Write out the stretch of lines below that begins at the line with "#16831 = EDGE_CURVE" and ends at the line with "#29624 = VECTOR", including both, exactly as given and nothing more.

[Data listing]

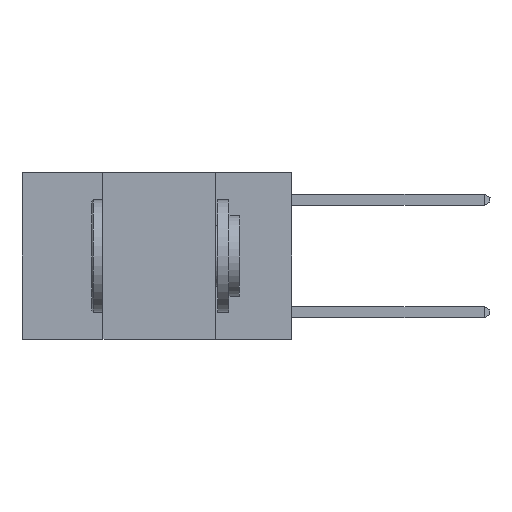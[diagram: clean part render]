
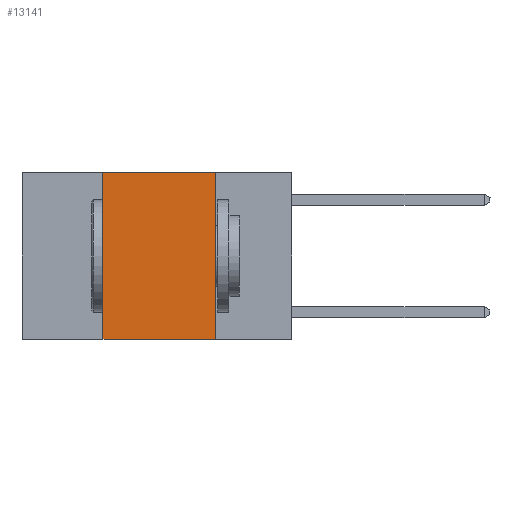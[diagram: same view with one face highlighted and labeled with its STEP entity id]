
A CAD part, left-side view. The second image highlights one B-rep face of the part: STEP entity #13141.
In plain terms, the highlighted planar face has unit normal (-1, 0, 0).
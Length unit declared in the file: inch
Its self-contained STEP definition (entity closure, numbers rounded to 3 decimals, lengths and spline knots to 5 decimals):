
#403 = CARTESIAN_POINT ( 'NONE',  ( 0., 0.6, -0.37 ) ) ;
#824 = ORIENTED_EDGE ( 'NONE', *, *, #23656, .T. ) ;
#1595 = CARTESIAN_POINT ( 'NONE',  ( 0., 0.6, 0. ) ) ;
#2329 = DIRECTION ( 'NONE',  ( 0., 0., -1. ) ) ;
#2834 = LINE ( 'NONE', #403, #9495 ) ;
#4017 = FACE_OUTER_BOUND ( 'NONE', #17517, .T. ) ;
#4433 = CARTESIAN_POINT ( 'NONE',  ( 0., 0.17, 0. ) ) ;
#6087 = DIRECTION ( 'NONE',  ( 0., -1., 0. ) ) ;
#6917 = VERTEX_POINT ( 'NONE', #24942 ) ;
#8077 = CARTESIAN_POINT ( 'NONE',  ( 0., 0.17, -0.37 ) ) ;
#8364 = EDGE_CURVE ( 'NONE', #19568, #6917, #25583, .T. ) ;
#9495 = VECTOR ( 'NONE', #14727, 39.37008 ) ;
#9789 = LINE ( 'NONE', #26854, #29624 ) ;
#11722 = AXIS2_PLACEMENT_3D ( 'NONE', #1595, #13826, #23662 ) ;
#12726 = ORIENTED_EDGE ( 'NONE', *, *, #8364, .F. ) ;
#13141 = ADVANCED_FACE ( 'NONE', ( #4017 ), #21244, .F. ) ;
#13826 = DIRECTION ( 'NONE',  ( 1., 0., 0. ) ) ;
#13930 = CARTESIAN_POINT ( 'NONE',  ( 0., 0.42, -0.37 ) ) ;
#14727 = DIRECTION ( 'NONE',  ( 0., -1., 0. ) ) ;
#16743 = VERTEX_POINT ( 'NONE', #13930 ) ;
#16831 = EDGE_CURVE ( 'NONE', #6917, #30895, #19566, .T. ) ;
#17316 = ORIENTED_EDGE ( 'NONE', *, *, #25074, .F. ) ;
#17517 = EDGE_LOOP ( 'NONE', ( #29371, #12726, #17316, #824 ) ) ;
#19276 = CARTESIAN_POINT ( 'NONE',  ( 0., 0.42, 0. ) ) ;
#19566 = LINE ( 'NONE', #4433, #23172 ) ;
#19568 = VERTEX_POINT ( 'NONE', #19276 ) ;
#21244 = PLANE ( 'NONE',  #11722 ) ;
#22045 = DIRECTION ( 'NONE',  ( 0., 0., 1. ) ) ;
#23172 = VECTOR ( 'NONE', #2329, 39.37008 ) ;
#23323 = CARTESIAN_POINT ( 'NONE',  ( 0., 0.6, 0. ) ) ;
#23403 = VECTOR ( 'NONE', #6087, 39.37008 ) ;
#23656 = EDGE_CURVE ( 'NONE', #16743, #30895, #2834, .T. ) ;
#23662 = DIRECTION ( 'NONE',  ( 0., 0., -1. ) ) ;
#24942 = CARTESIAN_POINT ( 'NONE',  ( 0., 0.17, 0. ) ) ;
#25074 = EDGE_CURVE ( 'NONE', #16743, #19568, #9789, .T. ) ;
#25583 = LINE ( 'NONE', #23323, #23403 ) ;
#26854 = CARTESIAN_POINT ( 'NONE',  ( 0., 0.42, 0. ) ) ;
#29371 = ORIENTED_EDGE ( 'NONE', *, *, #16831, .F. ) ;
#29624 = VECTOR ( 'NONE', #22045, 39.37008 ) ;
#30895 = VERTEX_POINT ( 'NONE', #8077 ) ;
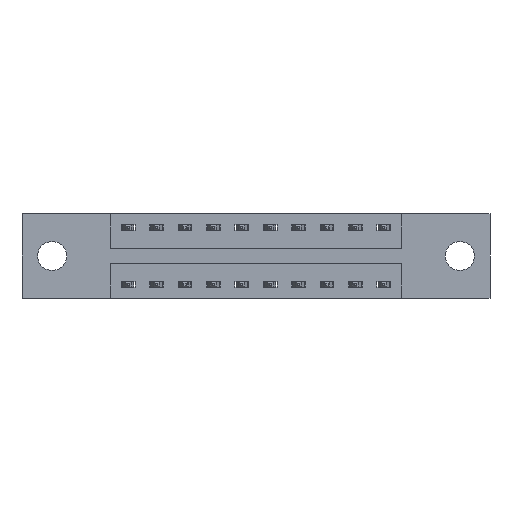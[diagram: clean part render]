
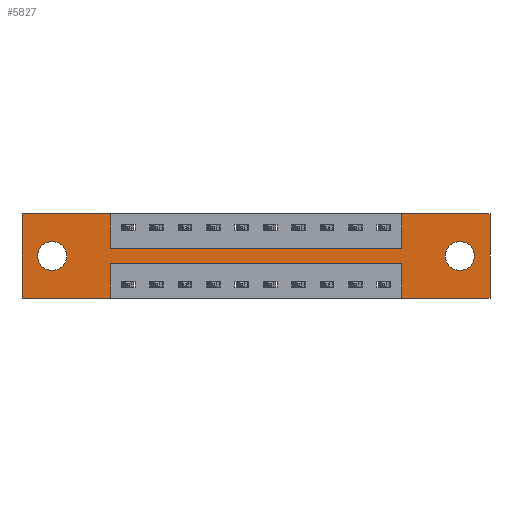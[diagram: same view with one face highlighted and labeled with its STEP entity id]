
A CAD part, front view. The second image highlights one B-rep face of the part: STEP entity #5827.
In plain terms, the highlighted planar face has unit normal (0, -1, 0).
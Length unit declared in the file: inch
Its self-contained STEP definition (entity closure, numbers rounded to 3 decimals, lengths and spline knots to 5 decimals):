
#13 = DIRECTION ( 'NONE',  ( 0., 0., -1. ) ) ;
#44 = DIRECTION ( 'NONE',  ( -1., 0., 0. ) ) ;
#64 = ORIENTED_EDGE ( 'NONE', *, *, #6628, .F. ) ;
#260 = VECTOR ( 'NONE', #6997, 39.37008 ) ;
#330 = LINE ( 'NONE', #7211, #2321 ) ;
#357 = DIRECTION ( 'NONE',  ( 0., 0., -1. ) ) ;
#373 = EDGE_CURVE ( 'NONE', #7131, #999, #3739, .T. ) ;
#389 = VECTOR ( 'NONE', #5558, 39.37008 ) ;
#430 = ORIENTED_EDGE ( 'NONE', *, *, #3064, .T. ) ;
#455 = EDGE_CURVE ( 'NONE', #6772, #9388, #5775, .T. ) ;
#585 = DIRECTION ( 'NONE',  ( 0., 1., 0. ) ) ;
#639 = LINE ( 'NONE', #3165, #1421 ) ;
#720 = LINE ( 'NONE', #8208, #3882 ) ;
#861 = CARTESIAN_POINT ( 'NONE',  ( 0., 0., -0.37 ) ) ;
#889 = CARTESIAN_POINT ( 'NONE',  ( 1.9275, 0., -0.121 ) ) ;
#963 = ORIENTED_EDGE ( 'NONE', *, *, #5893, .F. ) ;
#999 = VERTEX_POINT ( 'NONE', #8302 ) ;
#1183 = LINE ( 'NONE', #7897, #3402 ) ;
#1210 = ORIENTED_EDGE ( 'NONE', *, *, #9738, .T. ) ;
#1421 = VECTOR ( 'NONE', #9118, 39.37008 ) ;
#1442 = AXIS2_PLACEMENT_3D ( 'NONE', #9642, #6358, #9709 ) ;
#1446 = CARTESIAN_POINT ( 'NONE',  ( 0.3875, 0., -0.37 ) ) ;
#1499 = EDGE_CURVE ( 'NONE', #8013, #6226, #3595, .T. ) ;
#1698 = ORIENTED_EDGE ( 'NONE', *, *, #4252, .F. ) ;
#1809 = CARTESIAN_POINT ( 'NONE',  ( 0.1325, 0., -0.121 ) ) ;
#1835 = VECTOR ( 'NONE', #8042, 39.37008 ) ;
#1908 = ORIENTED_EDGE ( 'NONE', *, *, #4607, .F. ) ;
#1911 = ORIENTED_EDGE ( 'NONE', *, *, #3059, .F. ) ;
#2112 = VECTOR ( 'NONE', #10022, 39.37008 ) ;
#2206 = CARTESIAN_POINT ( 'NONE',  ( 0., 0., -0.37 ) ) ;
#2257 = FACE_BOUND ( 'NONE', #8874, .T. ) ;
#2291 = VECTOR ( 'NONE', #3904, 39.37008 ) ;
#2321 = VECTOR ( 'NONE', #10546, 39.37008 ) ;
#2354 = CARTESIAN_POINT ( 'NONE',  ( 0., 0., 0. ) ) ;
#2374 = CARTESIAN_POINT ( 'NONE',  ( 0., 0., 0. ) ) ;
#2498 = CIRCLE ( 'NONE', #1442, 0.064 ) ;
#2616 = VECTOR ( 'NONE', #5905, 39.37008 ) ;
#2830 = ORIENTED_EDGE ( 'NONE', *, *, #1499, .F. ) ;
#2848 = CARTESIAN_POINT ( 'NONE',  ( 1.6725, 0., -0.37 ) ) ;
#3059 = EDGE_CURVE ( 'NONE', #7456, #7131, #1183, .T. ) ;
#3064 = EDGE_CURVE ( 'NONE', #3680, #4243, #2498, .T. ) ;
#3156 = VERTEX_POINT ( 'NONE', #4085 ) ;
#3165 = CARTESIAN_POINT ( 'NONE',  ( 0.3875, 0., -0.22 ) ) ;
#3299 = ORIENTED_EDGE ( 'NONE', *, *, #10004, .T. ) ;
#3306 = CARTESIAN_POINT ( 'NONE',  ( 0.3875, 0., -0.37 ) ) ;
#3338 = DIRECTION ( 'NONE',  ( 0., -1., 0. ) ) ;
#3402 = VECTOR ( 'NONE', #357, 39.37008 ) ;
#3416 = DIRECTION ( 'NONE',  ( 0., 1., 0. ) ) ;
#3595 = LINE ( 'NONE', #5156, #6894 ) ;
#3680 = VERTEX_POINT ( 'NONE', #1809 ) ;
#3739 = LINE ( 'NONE', #4689, #1835 ) ;
#3812 = ORIENTED_EDGE ( 'NONE', *, *, #10821, .F. ) ;
#3814 = DIRECTION ( 'NONE',  ( 0., 1., 0. ) ) ;
#3882 = VECTOR ( 'NONE', #7557, 39.37008 ) ;
#3904 = DIRECTION ( 'NONE',  ( -1., 0., 0. ) ) ;
#3935 = EDGE_CURVE ( 'NONE', #9388, #9587, #8238, .T. ) ;
#4021 = CARTESIAN_POINT ( 'NONE',  ( 1.6725, 0., -0.22 ) ) ;
#4070 = VERTEX_POINT ( 'NONE', #5324 ) ;
#4085 = CARTESIAN_POINT ( 'NONE',  ( 1.6725, 0., -0.37 ) ) ;
#4243 = VERTEX_POINT ( 'NONE', #7054 ) ;
#4252 = EDGE_CURVE ( 'NONE', #3156, #6641, #10232, .T. ) ;
#4280 = ORIENTED_EDGE ( 'NONE', *, *, #6690, .F. ) ;
#4607 = EDGE_CURVE ( 'NONE', #6641, #5447, #639, .T. ) ;
#4689 = CARTESIAN_POINT ( 'NONE',  ( 0.3875, 0., -0.15 ) ) ;
#5024 = DIRECTION ( 'NONE',  ( 0., 0., -1. ) ) ;
#5057 = CARTESIAN_POINT ( 'NONE',  ( 0., 0., -0.37 ) ) ;
#5156 = CARTESIAN_POINT ( 'NONE',  ( 2.06, 0., 0. ) ) ;
#5323 = AXIS2_PLACEMENT_3D ( 'NONE', #8228, #585, #8082 ) ;
#5324 = CARTESIAN_POINT ( 'NONE',  ( 1.9275, 0., -0.249 ) ) ;
#5378 = DIRECTION ( 'NONE',  ( 0., 0., -1. ) ) ;
#5447 = VERTEX_POINT ( 'NONE', #5685 ) ;
#5558 = DIRECTION ( 'NONE',  ( 0., 0., 1. ) ) ;
#5615 = FACE_BOUND ( 'NONE', #10059, .T. ) ;
#5685 = CARTESIAN_POINT ( 'NONE',  ( 0.3875, 0., -0.22 ) ) ;
#5686 = LINE ( 'NONE', #2374, #2112 ) ;
#5775 = LINE ( 'NONE', #861, #5897 ) ;
#5815 = DIRECTION ( 'NONE',  ( 0., 0., -1. ) ) ;
#5827 = ADVANCED_FACE ( 'NONE', ( #2257, #5615, #9752 ), #9170, .T. ) ;
#5845 = CIRCLE ( 'NONE', #5323, 0.064 ) ;
#5893 = EDGE_CURVE ( 'NONE', #6226, #3156, #7532, .T. ) ;
#5897 = VECTOR ( 'NONE', #44, 39.37008 ) ;
#5905 = DIRECTION ( 'NONE',  ( 0., 0., -1. ) ) ;
#6157 = AXIS2_PLACEMENT_3D ( 'NONE', #8422, #3416, #5024 ) ;
#6217 = CIRCLE ( 'NONE', #9183, 0.064 ) ;
#6226 = VERTEX_POINT ( 'NONE', #6423 ) ;
#6358 = DIRECTION ( 'NONE',  ( 0., 1., 0. ) ) ;
#6423 = CARTESIAN_POINT ( 'NONE',  ( 2.06, 0., -0.37 ) ) ;
#6498 = ORIENTED_EDGE ( 'NONE', *, *, #455, .F. ) ;
#6628 = EDGE_CURVE ( 'NONE', #999, #6966, #720, .T. ) ;
#6641 = VERTEX_POINT ( 'NONE', #4021 ) ;
#6690 = EDGE_CURVE ( 'NONE', #9587, #7456, #5686, .T. ) ;
#6701 = AXIS2_PLACEMENT_3D ( 'NONE', #5057, #3338, #5815 ) ;
#6772 = VERTEX_POINT ( 'NONE', #1446 ) ;
#6894 = VECTOR ( 'NONE', #13, 39.37008 ) ;
#6966 = VERTEX_POINT ( 'NONE', #9535 ) ;
#6997 = DIRECTION ( 'NONE',  ( 0., 0., 1. ) ) ;
#7018 = ORIENTED_EDGE ( 'NONE', *, *, #10816, .T. ) ;
#7054 = CARTESIAN_POINT ( 'NONE',  ( 0.1325, 0., -0.249 ) ) ;
#7131 = VERTEX_POINT ( 'NONE', #8318 ) ;
#7211 = CARTESIAN_POINT ( 'NONE',  ( 0., 0., 0. ) ) ;
#7383 = CIRCLE ( 'NONE', #6157, 0.064 ) ;
#7456 = VERTEX_POINT ( 'NONE', #7873 ) ;
#7471 = EDGE_CURVE ( 'NONE', #6966, #8013, #330, .T. ) ;
#7532 = LINE ( 'NONE', #8096, #2291 ) ;
#7557 = DIRECTION ( 'NONE',  ( 0., 0., 1. ) ) ;
#7716 = CARTESIAN_POINT ( 'NONE',  ( 0., 0., 0. ) ) ;
#7837 = ORIENTED_EDGE ( 'NONE', *, *, #3935, .F. ) ;
#7873 = CARTESIAN_POINT ( 'NONE',  ( 0.3875, 0., 0. ) ) ;
#7897 = CARTESIAN_POINT ( 'NONE',  ( 0.3875, 0., 0. ) ) ;
#8013 = VERTEX_POINT ( 'NONE', #10025 ) ;
#8042 = DIRECTION ( 'NONE',  ( 1., 0., 0. ) ) ;
#8082 = DIRECTION ( 'NONE',  ( 0., 0., 1. ) ) ;
#8096 = CARTESIAN_POINT ( 'NONE',  ( 0., 0., -0.37 ) ) ;
#8208 = CARTESIAN_POINT ( 'NONE',  ( 1.6725, 0., 0. ) ) ;
#8228 = CARTESIAN_POINT ( 'NONE',  ( 0.1325, 0., -0.185 ) ) ;
#8238 = LINE ( 'NONE', #2354, #389 ) ;
#8302 = CARTESIAN_POINT ( 'NONE',  ( 1.6725, 0., -0.15 ) ) ;
#8318 = CARTESIAN_POINT ( 'NONE',  ( 0.3875, 0., -0.15 ) ) ;
#8422 = CARTESIAN_POINT ( 'NONE',  ( 1.9275, 0., -0.185 ) ) ;
#8874 = EDGE_LOOP ( 'NONE', ( #7018, #3299 ) ) ;
#8918 = EDGE_LOOP ( 'NONE', ( #3812, #1908, #1698, #963, #2830, #8979, #64, #10123, #1911, #4280, #7837, #6498 ) ) ;
#8979 = ORIENTED_EDGE ( 'NONE', *, *, #7471, .F. ) ;
#9092 = VERTEX_POINT ( 'NONE', #889 ) ;
#9118 = DIRECTION ( 'NONE',  ( -1., 0., 0. ) ) ;
#9139 = LINE ( 'NONE', #3306, #2616 ) ;
#9170 = PLANE ( 'NONE',  #6701 ) ;
#9183 = AXIS2_PLACEMENT_3D ( 'NONE', #10526, #3814, #5378 ) ;
#9388 = VERTEX_POINT ( 'NONE', #2206 ) ;
#9535 = CARTESIAN_POINT ( 'NONE',  ( 1.6725, 0., 0. ) ) ;
#9587 = VERTEX_POINT ( 'NONE', #7716 ) ;
#9642 = CARTESIAN_POINT ( 'NONE',  ( 0.1325, 0., -0.185 ) ) ;
#9709 = DIRECTION ( 'NONE',  ( 0., 0., 1. ) ) ;
#9738 = EDGE_CURVE ( 'NONE', #4243, #3680, #5845, .T. ) ;
#9752 = FACE_OUTER_BOUND ( 'NONE', #8918, .T. ) ;
#10004 = EDGE_CURVE ( 'NONE', #4070, #9092, #6217, .T. ) ;
#10022 = DIRECTION ( 'NONE',  ( 1., 0., 0. ) ) ;
#10025 = CARTESIAN_POINT ( 'NONE',  ( 2.06, 0., 0. ) ) ;
#10059 = EDGE_LOOP ( 'NONE', ( #430, #1210 ) ) ;
#10123 = ORIENTED_EDGE ( 'NONE', *, *, #373, .F. ) ;
#10232 = LINE ( 'NONE', #2848, #260 ) ;
#10526 = CARTESIAN_POINT ( 'NONE',  ( 1.9275, 0., -0.185 ) ) ;
#10546 = DIRECTION ( 'NONE',  ( 1., 0., 0. ) ) ;
#10816 = EDGE_CURVE ( 'NONE', #9092, #4070, #7383, .T. ) ;
#10821 = EDGE_CURVE ( 'NONE', #5447, #6772, #9139, .T. ) ;

[/Data listing]

Result of the exercise
#16831 = EDGE_CURVE ( 'NONE', #6917, #30895, #19566, .T. ) ;
#17316 = ORIENTED_EDGE ( 'NONE', *, *, #25074, .F. ) ;
#17517 = EDGE_LOOP ( 'NONE', ( #29371, #12726, #17316, #824 ) ) ;
#19276 = CARTESIAN_POINT ( 'NONE',  ( 0., 0.42, 0. ) ) ;
#19566 = LINE ( 'NONE', #4433, #23172 ) ;
#19568 = VERTEX_POINT ( 'NONE', #19276 ) ;
#21244 = PLANE ( 'NONE',  #11722 ) ;
#22045 = DIRECTION ( 'NONE',  ( 0., 0., 1. ) ) ;
#23172 = VECTOR ( 'NONE', #2329, 39.37008 ) ;
#23323 = CARTESIAN_POINT ( 'NONE',  ( 0., 0.6, 0. ) ) ;
#23403 = VECTOR ( 'NONE', #6087, 39.37008 ) ;
#23656 = EDGE_CURVE ( 'NONE', #16743, #30895, #2834, .T. ) ;
#23662 = DIRECTION ( 'NONE',  ( 0., 0., -1. ) ) ;
#24942 = CARTESIAN_POINT ( 'NONE',  ( 0., 0.17, 0. ) ) ;
#25074 = EDGE_CURVE ( 'NONE', #16743, #19568, #9789, .T. ) ;
#25583 = LINE ( 'NONE', #23323, #23403 ) ;
#26854 = CARTESIAN_POINT ( 'NONE',  ( 0., 0.42, 0. ) ) ;
#29371 = ORIENTED_EDGE ( 'NONE', *, *, #16831, .F. ) ;
#29624 = VECTOR ( 'NONE', #22045, 39.37008 ) ;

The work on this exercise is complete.